The walk to the market was mostly silent. It wasn't until the moderately sized building was on the horizon that someone spoke up. It was Cyrus. “Talia, you've been a little weird, even more weird than lately. Is something up?”
Talia sighed. “Not really. It's just... I have to go with dad.”
Cyrus frowned at this statement. “What? What do you mean, 'go with him'? You don't actually mean, leave, do you?”
It was Talia's turn to frown, though for a different reason. “Just think about it Cyrus. I told you what happened when you were at Marron and Kells's house. We can't just lay around doing nothing while mom is in the hands of some psychopath sorcerer. Do you want her dead... again? She's already died once in an alternate time line, you know. And this time, she has dad, the current Guardian rulers, and us at stake. We need to fight back with whatever strength we have left. This time, however, we can be by our parents for whatever this is.”

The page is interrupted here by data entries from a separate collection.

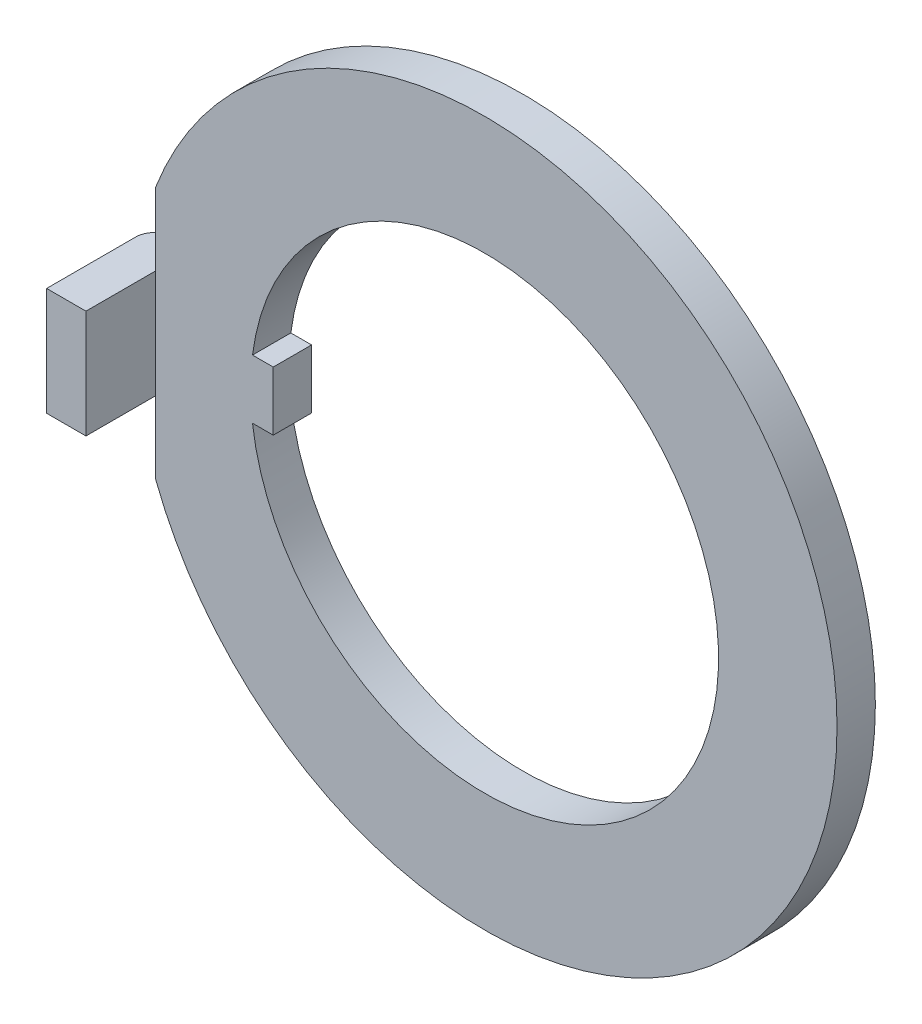
ISO-10303-21;
HEADER;
FILE_DESCRIPTION(('STEP AP214'),'2;1');
FILE_NAME('part.step','',(''),(''),'','','');
FILE_SCHEMA(('AUTOMOTIVE_DESIGN { 1 0 10303 214 1 1 1 1 }'));
ENDSEC;
DATA;
#1=APPLICATION_CONTEXT('core data for automotive mechanical design processes');
#2=APPLICATION_PROTOCOL_DEFINITION('international standard','automotive_design',2000,#1);
#3=PRODUCT_CONTEXT('',#1,'mechanical');
#4=PRODUCT('Part','Part','',(#3));
#5=PRODUCT_RELATED_PRODUCT_CATEGORY('part','',(#4));
#6=PRODUCT_DEFINITION_FORMATION('','',#4);
#7=PRODUCT_DEFINITION_CONTEXT('part definition',#1,'design');
#8=PRODUCT_DEFINITION('design','',#6,#7);
#9=PRODUCT_DEFINITION_SHAPE('','',#8);
#10=(LENGTH_UNIT() NAMED_UNIT(*) SI_UNIT(.MILLI.,.METRE.));
#11=(NAMED_UNIT(*) PLANE_ANGLE_UNIT() SI_UNIT($,.RADIAN.));
#12=(NAMED_UNIT(*) SI_UNIT($,.STERADIAN.) SOLID_ANGLE_UNIT());
#13=UNCERTAINTY_MEASURE_WITH_UNIT(LENGTH_MEASURE(1.E-05),#10,'distance_accuracy_value','');
#14=(GEOMETRIC_REPRESENTATION_CONTEXT(3) GLOBAL_UNCERTAINTY_ASSIGNED_CONTEXT((#13)) GLOBAL_UNIT_ASSIGNED_CONTEXT((#10,
#11,#12)) REPRESENTATION_CONTEXT('',''));
#15=CARTESIAN_POINT('',(0.,0.,0.));
#16=DIRECTION('',(0.,0.,1.));
#17=DIRECTION('',(1.,0.,0.));
#18=AXIS2_PLACEMENT_3D('',#15,#16,#17);
#19=CARTESIAN_POINT('',(-8.4963,3.27571383365519,0.9906));
#20=DIRECTION('',(1.,0.,0.));
#21=DIRECTION('',(0.,0.,-1.));
#22=AXIS2_PLACEMENT_3D('',#19,#20,#21);
#23=PLANE('',#22);
#24=DIRECTION('',(0.,-1.,0.));
#25=VECTOR('',#24,1.);
#26=CARTESIAN_POINT('',(-8.4963,3.27571383365519,0.));
#27=LINE('',#26,#25);
#28=CARTESIAN_POINT('',(-8.4963,3.27571383365519,0.));
#29=VERTEX_POINT('',#28);
#30=CARTESIAN_POINT('',(-8.4963,1.397,0.));
#31=VERTEX_POINT('',#30);
#32=EDGE_CURVE('E11',#29,#31,#27,.T.);
#33=ORIENTED_EDGE('',*,*,#32,.T.);
#34=DIRECTION('',(0.,0.,1.));
#35=VECTOR('',#34,1.);
#36=CARTESIAN_POINT('',(-8.4963,1.397,0.9906));
#37=LINE('',#36,#35);
#38=CARTESIAN_POINT('',(-8.4963,1.397,0.9906));
#39=VERTEX_POINT('',#38);
#40=EDGE_CURVE('E25',#31,#39,#37,.T.);
#41=ORIENTED_EDGE('',*,*,#40,.T.);
#42=DIRECTION('',(0.,-1.,0.));
#43=VECTOR('',#42,1.);
#44=CARTESIAN_POINT('',(-8.4963,3.27571383365519,0.9906));
#45=LINE('',#44,#43);
#46=CARTESIAN_POINT('',(-8.4963,3.27571383365519,0.9906));
#47=VERTEX_POINT('',#46);
#48=EDGE_CURVE('E271',#47,#39,#45,.T.);
#49=ORIENTED_EDGE('',*,*,#48,.F.);
#50=DIRECTION('',(0.,0.,-1.));
#51=VECTOR('',#50,1.);
#52=CARTESIAN_POINT('',(-8.4963,3.27571383365519,0.9906));
#53=LINE('',#52,#51);
#54=EDGE_CURVE('E267',#47,#29,#53,.T.);
#55=ORIENTED_EDGE('',*,*,#54,.T.);
#56=EDGE_LOOP('',(#33,#41,#49,#55));
#57=FACE_BOUND('',#56,.T.);
#58=ADVANCED_FACE('F17',(#57),#23,.F.);
#59=CARTESIAN_POINT('',(0.,0.,0.9906));
#60=DIRECTION('',(0.,0.,1.));
#61=DIRECTION('',(-1.,0.,0.));
#62=AXIS2_PLACEMENT_3D('',#59,#60,#61);
#63=CYLINDRICAL_SURFACE('',#62,9.1059);
#64=CARTESIAN_POINT('',(0.,0.,0.));
#65=DIRECTION('',(0.,0.,1.));
#66=DIRECTION('',(1.,0.,0.));
#67=AXIS2_PLACEMENT_3D('',#64,#65,#66);
#68=CIRCLE('',#67,9.1059);
#69=CARTESIAN_POINT('',(-8.4963,-3.27571383365519,0.));
#70=VERTEX_POINT('',#69);
#71=EDGE_CURVE('E262',#70,#29,#68,.T.);
#72=ORIENTED_EDGE('',*,*,#71,.T.);
#73=ORIENTED_EDGE('',*,*,#54,.F.);
#74=CARTESIAN_POINT('',(0.,0.,0.9906));
#75=DIRECTION('',(0.,0.,1.));
#76=DIRECTION('',(1.,0.,0.));
#77=AXIS2_PLACEMENT_3D('',#74,#75,#76);
#78=CIRCLE('',#77,9.1059);
#79=CARTESIAN_POINT('',(-8.4963,-3.27571383365519,0.9906));
#80=VERTEX_POINT('',#79);
#81=EDGE_CURVE('E257',#80,#47,#78,.T.);
#82=ORIENTED_EDGE('',*,*,#81,.F.);
#83=DIRECTION('',(0.,0.,-1.));
#84=VECTOR('',#83,1.);
#85=CARTESIAN_POINT('',(-8.4963,-3.27571383365519,0.9906));
#86=LINE('',#85,#84);
#87=EDGE_CURVE('E253',#80,#70,#86,.T.);
#88=ORIENTED_EDGE('',*,*,#87,.T.);
#89=EDGE_LOOP('',(#72,#73,#82,#88));
#90=FACE_BOUND('',#89,.T.);
#91=ADVANCED_FACE('F300',(#90),#63,.T.);
#92=CARTESIAN_POINT('',(-8.4963,3.27571383365519,0.9906));
#93=DIRECTION('',(1.,0.,0.));
#94=DIRECTION('',(0.,0.,-1.));
#95=AXIS2_PLACEMENT_3D('',#92,#93,#94);
#96=PLANE('',#95);
#97=DIRECTION('',(0.,0.,1.));
#98=VECTOR('',#97,1.);
#99=CARTESIAN_POINT('',(-8.4963,-1.397,0.9906));
#100=LINE('',#99,#98);
#101=CARTESIAN_POINT('',(-8.4963,-1.397,0.));
#102=VERTEX_POINT('',#101);
#103=CARTESIAN_POINT('',(-8.4963,-1.397,0.9906));
#104=VERTEX_POINT('',#103);
#105=EDGE_CURVE('E248',#102,#104,#100,.T.);
#106=ORIENTED_EDGE('',*,*,#105,.F.);
#107=DIRECTION('',(0.,-1.,0.));
#108=VECTOR('',#107,1.);
#109=CARTESIAN_POINT('',(-8.4963,3.27571383365519,0.));
#110=LINE('',#109,#108);
#111=EDGE_CURVE('E243',#102,#70,#110,.T.);
#112=ORIENTED_EDGE('',*,*,#111,.T.);
#113=ORIENTED_EDGE('',*,*,#87,.F.);
#114=DIRECTION('',(0.,-1.,0.));
#115=VECTOR('',#114,1.);
#116=CARTESIAN_POINT('',(-8.4963,3.27571383365519,0.9906));
#117=LINE('',#116,#115);
#118=EDGE_CURVE('E238',#104,#80,#117,.T.);
#119=ORIENTED_EDGE('',*,*,#118,.F.);
#120=EDGE_LOOP('',(#106,#112,#113,#119));
#121=FACE_BOUND('',#120,.T.);
#122=ADVANCED_FACE('F293',(#121),#96,.F.);
#123=CARTESIAN_POINT('',(0.,0.,0.9906));
#124=DIRECTION('',(0.,0.,1.));
#125=DIRECTION('',(1.,0.,0.));
#126=AXIS2_PLACEMENT_3D('',#123,#124,#125);
#127=PLANE('',#126);
#128=ORIENTED_EDGE('',*,*,#48,.T.);
#129=DIRECTION('',(0.,-1.,0.));
#130=VECTOR('',#129,1.);
#131=CARTESIAN_POINT('',(-8.4963,1.397,0.9906));
#132=LINE('',#131,#130);
#133=EDGE_CURVE('E233',#39,#104,#132,.T.);
#134=ORIENTED_EDGE('',*,*,#133,.T.);
#135=ORIENTED_EDGE('',*,*,#118,.T.);
#136=ORIENTED_EDGE('',*,*,#81,.T.);
#137=EDGE_LOOP('',(#128,#134,#135,#136));
#138=FACE_BOUND('',#137,.T.);
#139=DIRECTION('',(-1.,0.,0.));
#140=VECTOR('',#139,1.);
#141=CARTESIAN_POINT('',(-5.461,-0.762,0.9906));
#142=LINE('',#141,#140);
#143=CARTESIAN_POINT('',(-5.461,-0.762,0.9906));
#144=VERTEX_POINT('',#143);
#145=CARTESIAN_POINT('',(-5.99698249455509,-0.761999999999995,0.9906));
#146=VERTEX_POINT('',#145);
#147=EDGE_CURVE('E228',#144,#146,#142,.T.);
#148=ORIENTED_EDGE('',*,*,#147,.F.);
#149=DIRECTION('',(0.,-1.,0.));
#150=VECTOR('',#149,1.);
#151=CARTESIAN_POINT('',(-5.461,0.762,0.9906));
#152=LINE('',#151,#150);
#153=CARTESIAN_POINT('',(-5.461,0.762,0.9906));
#154=VERTEX_POINT('',#153);
#155=EDGE_CURVE('E223',#154,#144,#152,.T.);
#156=ORIENTED_EDGE('',*,*,#155,.F.);
#157=DIRECTION('',(1.,0.,0.));
#158=VECTOR('',#157,1.);
#159=CARTESIAN_POINT('',(-5.99698249455509,0.762,0.9906));
#160=LINE('',#159,#158);
#161=CARTESIAN_POINT('',(-5.99698249455509,0.761999999999992,0.9906));
#162=VERTEX_POINT('',#161);
#163=EDGE_CURVE('E218',#162,#154,#160,.T.);
#164=ORIENTED_EDGE('',*,*,#163,.F.);
#165=CARTESIAN_POINT('',(0.,0.,0.9906));
#166=DIRECTION('',(0.,0.,1.));
#167=DIRECTION('',(1.,0.,0.));
#168=AXIS2_PLACEMENT_3D('',#165,#166,#167);
#169=CIRCLE('',#168,6.0452);
#170=EDGE_CURVE('E213',#146,#162,#169,.T.);
#171=ORIENTED_EDGE('',*,*,#170,.F.);
#172=EDGE_LOOP('',(#148,#156,#164,#171));
#173=FACE_BOUND('',#172,.T.);
#174=ADVANCED_FACE('F280',(#138,#173),#127,.T.);
#175=CARTESIAN_POINT('',(0.,0.,0.9906));
#176=DIRECTION('',(0.,0.,1.));
#177=DIRECTION('',(-1.,0.,0.));
#178=AXIS2_PLACEMENT_3D('',#175,#176,#177);
#179=CYLINDRICAL_SURFACE('',#178,6.0452);
#180=DIRECTION('',(0.,0.,-1.));
#181=VECTOR('',#180,1.);
#182=CARTESIAN_POINT('',(-5.99698249455509,0.761999999999992,0.9906));
#183=LINE('',#182,#181);
#184=CARTESIAN_POINT('',(-5.99698249455509,0.761999999999992,0.));
#185=VERTEX_POINT('',#184);
#186=EDGE_CURVE('E209',#162,#185,#183,.T.);
#187=ORIENTED_EDGE('',*,*,#186,.T.);
#188=CARTESIAN_POINT('',(0.,0.,0.));
#189=DIRECTION('',(0.,0.,1.));
#190=DIRECTION('',(1.,0.,0.));
#191=AXIS2_PLACEMENT_3D('',#188,#189,#190);
#192=CIRCLE('',#191,6.0452);
#193=CARTESIAN_POINT('',(-5.99698249455509,-0.761999999999995,0.));
#194=VERTEX_POINT('',#193);
#195=EDGE_CURVE('E204',#194,#185,#192,.T.);
#196=ORIENTED_EDGE('',*,*,#195,.F.);
#197=DIRECTION('',(0.,0.,-1.));
#198=VECTOR('',#197,1.);
#199=CARTESIAN_POINT('',(-5.99698249455509,-0.761999999999995,0.9906));
#200=LINE('',#199,#198);
#201=EDGE_CURVE('E199',#146,#194,#200,.T.);
#202=ORIENTED_EDGE('',*,*,#201,.F.);
#203=ORIENTED_EDGE('',*,*,#170,.T.);
#204=EDGE_LOOP('',(#187,#196,#202,#203));
#205=FACE_BOUND('',#204,.T.);
#206=ADVANCED_FACE('F313',(#205),#179,.F.);
#207=CARTESIAN_POINT('',(-5.461,-0.762,0.9906));
#208=DIRECTION('',(0.,-1.,0.));
#209=DIRECTION('',(0.,0.,-1.));
#210=AXIS2_PLACEMENT_3D('',#207,#208,#209);
#211=PLANE('',#210);
#212=DIRECTION('',(-1.,0.,0.));
#213=VECTOR('',#212,1.);
#214=CARTESIAN_POINT('',(-5.461,-0.762,0.));
#215=LINE('',#214,#213);
#216=CARTESIAN_POINT('',(-5.461,-0.762,0.));
#217=VERTEX_POINT('',#216);
#218=EDGE_CURVE('E194',#217,#194,#215,.T.);
#219=ORIENTED_EDGE('',*,*,#218,.F.);
#220=DIRECTION('',(0.,0.,-1.));
#221=VECTOR('',#220,1.);
#222=CARTESIAN_POINT('',(-5.461,-0.762,0.9906));
#223=LINE('',#222,#221);
#224=EDGE_CURVE('E189',#144,#217,#223,.T.);
#225=ORIENTED_EDGE('',*,*,#224,.F.);
#226=ORIENTED_EDGE('',*,*,#147,.T.);
#227=ORIENTED_EDGE('',*,*,#201,.T.);
#228=EDGE_LOOP('',(#219,#225,#226,#227));
#229=FACE_BOUND('',#228,.T.);
#230=ADVANCED_FACE('F316',(#229),#211,.T.);
#231=CARTESIAN_POINT('',(-5.461,0.762,0.9906));
#232=DIRECTION('',(1.,0.,0.));
#233=DIRECTION('',(0.,0.,-1.));
#234=AXIS2_PLACEMENT_3D('',#231,#232,#233);
#235=PLANE('',#234);
#236=DIRECTION('',(0.,-1.,0.));
#237=VECTOR('',#236,1.);
#238=CARTESIAN_POINT('',(-5.461,0.762,0.));
#239=LINE('',#238,#237);
#240=CARTESIAN_POINT('',(-5.461,0.762,0.));
#241=VERTEX_POINT('',#240);
#242=EDGE_CURVE('E184',#241,#217,#239,.T.);
#243=ORIENTED_EDGE('',*,*,#242,.F.);
#244=DIRECTION('',(0.,0.,-1.));
#245=VECTOR('',#244,1.);
#246=CARTESIAN_POINT('',(-5.461,0.762,0.9906));
#247=LINE('',#246,#245);
#248=EDGE_CURVE('E179',#154,#241,#247,.T.);
#249=ORIENTED_EDGE('',*,*,#248,.F.);
#250=ORIENTED_EDGE('',*,*,#155,.T.);
#251=ORIENTED_EDGE('',*,*,#224,.T.);
#252=EDGE_LOOP('',(#243,#249,#250,#251));
#253=FACE_BOUND('',#252,.T.);
#254=ADVANCED_FACE('F320',(#253),#235,.T.);
#255=CARTESIAN_POINT('',(-5.99698249455509,0.762,0.9906));
#256=DIRECTION('',(0.,1.,0.));
#257=DIRECTION('',(0.,0.,1.));
#258=AXIS2_PLACEMENT_3D('',#255,#256,#257);
#259=PLANE('',#258);
#260=DIRECTION('',(1.,0.,0.));
#261=VECTOR('',#260,1.);
#262=CARTESIAN_POINT('',(-5.99698249455509,0.762,0.));
#263=LINE('',#262,#261);
#264=EDGE_CURVE('E174',#185,#241,#263,.T.);
#265=ORIENTED_EDGE('',*,*,#264,.F.);
#266=ORIENTED_EDGE('',*,*,#186,.F.);
#267=ORIENTED_EDGE('',*,*,#163,.T.);
#268=ORIENTED_EDGE('',*,*,#248,.T.);
#269=EDGE_LOOP('',(#265,#266,#267,#268));
#270=FACE_BOUND('',#269,.T.);
#271=ADVANCED_FACE('F324',(#270),#259,.T.);
#272=CARTESIAN_POINT('',(0.,0.,0.));
#273=DIRECTION('',(0.,0.,1.));
#274=DIRECTION('',(1.,0.,0.));
#275=AXIS2_PLACEMENT_3D('',#272,#273,#274);
#276=PLANE('',#275);
#277=ORIENTED_EDGE('',*,*,#111,.F.);
#278=DIRECTION('',(-1.,0.,0.));
#279=VECTOR('',#278,1.);
#280=CARTESIAN_POINT('',(-6.0833,-1.397,0.));
#281=LINE('',#280,#279);
#282=CARTESIAN_POINT('',(-9.017,-1.397,0.));
#283=VERTEX_POINT('',#282);
#284=EDGE_CURVE('E170',#102,#283,#281,.T.);
#285=ORIENTED_EDGE('',*,*,#284,.T.);
#286=DIRECTION('',(0.,-1.,0.));
#287=VECTOR('',#286,1.);
#288=CARTESIAN_POINT('',(-9.017,1.397,0.));
#289=LINE('',#288,#287);
#290=CARTESIAN_POINT('',(-9.017,1.397,0.));
#291=VERTEX_POINT('',#290);
#292=EDGE_CURVE('E118',#291,#283,#289,.T.);
#293=ORIENTED_EDGE('',*,*,#292,.F.);
#294=DIRECTION('',(-1.,0.,0.));
#295=VECTOR('',#294,1.);
#296=CARTESIAN_POINT('',(-6.0833,1.397,0.));
#297=LINE('',#296,#295);
#298=EDGE_CURVE('E162',#31,#291,#297,.T.);
#299=ORIENTED_EDGE('',*,*,#298,.F.);
#300=ORIENTED_EDGE('',*,*,#32,.F.);
#301=ORIENTED_EDGE('',*,*,#71,.F.);
#302=EDGE_LOOP('',(#277,#285,#293,#299,#300,#301));
#303=FACE_BOUND('',#302,.T.);
#304=ORIENTED_EDGE('',*,*,#218,.T.);
#305=ORIENTED_EDGE('',*,*,#195,.T.);
#306=ORIENTED_EDGE('',*,*,#264,.T.);
#307=ORIENTED_EDGE('',*,*,#242,.T.);
#308=EDGE_LOOP('',(#304,#305,#306,#307));
#309=FACE_BOUND('',#308,.T.);
#310=ADVANCED_FACE('F297',(#303,#309),#276,.F.);
#311=CARTESIAN_POINT('',(-9.017,1.397,0.49529999999999));
#312=DIRECTION('',(0.,1.,0.));
#313=DIRECTION('',(0.,0.,1.));
#314=AXIS2_PLACEMENT_3D('',#311,#312,#313);
#315=PLANE('',#314);
#316=ORIENTED_EDGE('',*,*,#40,.F.);
#317=ORIENTED_EDGE('',*,*,#298,.T.);
#318=CARTESIAN_POINT('',(-9.017,1.397,0.49529999999999));
#319=DIRECTION('',(0.,1.,0.));
#320=DIRECTION('',(1.,0.,0.));
#321=AXIS2_PLACEMENT_3D('',#318,#319,#320);
#322=CIRCLE('',#321,0.4953);
#323=CARTESIAN_POINT('',(-9.5123,1.397,0.4953));
#324=VERTEX_POINT('',#323);
#325=EDGE_CURVE('E158',#291,#324,#322,.T.);
#326=ORIENTED_EDGE('',*,*,#325,.T.);
#327=DIRECTION('',(0.,0.,1.));
#328=VECTOR('',#327,1.);
#329=CARTESIAN_POINT('',(-9.5123,1.397,0.4953));
#330=LINE('',#329,#328);
#331=CARTESIAN_POINT('',(-9.5123,1.397,2.794));
#332=VERTEX_POINT('',#331);
#333=EDGE_CURVE('E110',#324,#332,#330,.T.);
#334=ORIENTED_EDGE('',*,*,#333,.T.);
#335=DIRECTION('',(1.,0.,0.));
#336=VECTOR('',#335,1.);
#337=CARTESIAN_POINT('',(-9.5123,1.397,2.794));
#338=LINE('',#337,#336);
#339=CARTESIAN_POINT('',(-8.4963,1.397,2.794));
#340=VERTEX_POINT('',#339);
#341=EDGE_CURVE('E151',#332,#340,#338,.T.);
#342=ORIENTED_EDGE('',*,*,#341,.T.);
#343=DIRECTION('',(0.,0.,-1.));
#344=VECTOR('',#343,1.);
#345=CARTESIAN_POINT('',(-8.4963,1.397,2.794));
#346=LINE('',#345,#344);
#347=EDGE_CURVE('E146',#340,#39,#346,.T.);
#348=ORIENTED_EDGE('',*,*,#347,.T.);
#349=EDGE_LOOP('',(#316,#317,#326,#334,#342,#348));
#350=FACE_BOUND('',#349,.T.);
#351=ADVANCED_FACE('F286',(#350),#315,.T.);
#352=CARTESIAN_POINT('',(-8.4963,1.397,2.794));
#353=DIRECTION('',(-1.,0.,0.));
#354=DIRECTION('',(0.,0.,1.));
#355=AXIS2_PLACEMENT_3D('',#352,#353,#354);
#356=PLANE('',#355);
#357=DIRECTION('',(0.,0.,-1.));
#358=VECTOR('',#357,1.);
#359=CARTESIAN_POINT('',(-8.4963,-1.397,2.794));
#360=LINE('',#359,#358);
#361=CARTESIAN_POINT('',(-8.4963,-1.397,2.794));
#362=VERTEX_POINT('',#361);
#363=EDGE_CURVE('E141',#362,#104,#360,.T.);
#364=ORIENTED_EDGE('',*,*,#363,.T.);
#365=ORIENTED_EDGE('',*,*,#133,.F.);
#366=ORIENTED_EDGE('',*,*,#347,.F.);
#367=DIRECTION('',(0.,-1.,0.));
#368=VECTOR('',#367,1.);
#369=CARTESIAN_POINT('',(-8.4963,1.397,2.794));
#370=LINE('',#369,#368);
#371=EDGE_CURVE('E137',#340,#362,#370,.T.);
#372=ORIENTED_EDGE('',*,*,#371,.T.);
#373=EDGE_LOOP('',(#364,#365,#366,#372));
#374=FACE_BOUND('',#373,.T.);
#375=ADVANCED_FACE('F290',(#374),#356,.F.);
#376=CARTESIAN_POINT('',(-9.5123,1.397,2.794));
#377=DIRECTION('',(0.,0.,-1.));
#378=DIRECTION('',(-1.,0.,0.));
#379=AXIS2_PLACEMENT_3D('',#376,#377,#378);
#380=PLANE('',#379);
#381=DIRECTION('',(1.,0.,0.));
#382=VECTOR('',#381,1.);
#383=CARTESIAN_POINT('',(-9.5123,-1.397,2.794));
#384=LINE('',#383,#382);
#385=CARTESIAN_POINT('',(-9.5123,-1.397,2.794));
#386=VERTEX_POINT('',#385);
#387=EDGE_CURVE('E125',#386,#362,#384,.T.);
#388=ORIENTED_EDGE('',*,*,#387,.T.);
#389=ORIENTED_EDGE('',*,*,#371,.F.);
#390=ORIENTED_EDGE('',*,*,#341,.F.);
#391=DIRECTION('',(0.,-1.,0.));
#392=VECTOR('',#391,1.);
#393=CARTESIAN_POINT('',(-9.5123,1.397,2.794));
#394=LINE('',#393,#392);
#395=EDGE_CURVE('E126',#332,#386,#394,.T.);
#396=ORIENTED_EDGE('',*,*,#395,.T.);
#397=EDGE_LOOP('',(#388,#389,#390,#396));
#398=FACE_BOUND('',#397,.T.);
#399=ADVANCED_FACE('F335',(#398),#380,.F.);
#400=CARTESIAN_POINT('',(-9.5123,1.397,0.4953));
#401=DIRECTION('',(1.,0.,0.));
#402=DIRECTION('',(0.,0.,-1.));
#403=AXIS2_PLACEMENT_3D('',#400,#401,#402);
#404=PLANE('',#403);
#405=DIRECTION('',(0.,0.,1.));
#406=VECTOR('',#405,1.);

Indeed, Cyrus had to think about it. He always enjoyed the use of his father's swords, along with the occasional hammer, but also yearned for a time to use them for real. This time, he would fight for his mother. Apart from that, knowing her technological contributions to the kingdom was more than enough of a reason to find her.
To wrap it all up, he replied quietly and gradually grew louder. “Yeah, you're right. We need to fight back. Maybe we can get King Crono to send troops. For once, I regret visiting Kells's house. Isn't his dad Fritz, that Crono saved from the guillotine? To think that Crono went from being on the execution block to king...”
Talia looked up and was grateful for a reason to interrupt her brother's characteristic rambling. “Hey, we're here!” Cyrus looked up at her words, and certainly enough, they were in front of the market that he was forced to walk to. Naturally, he didn't mind too much since it was run by Fritz.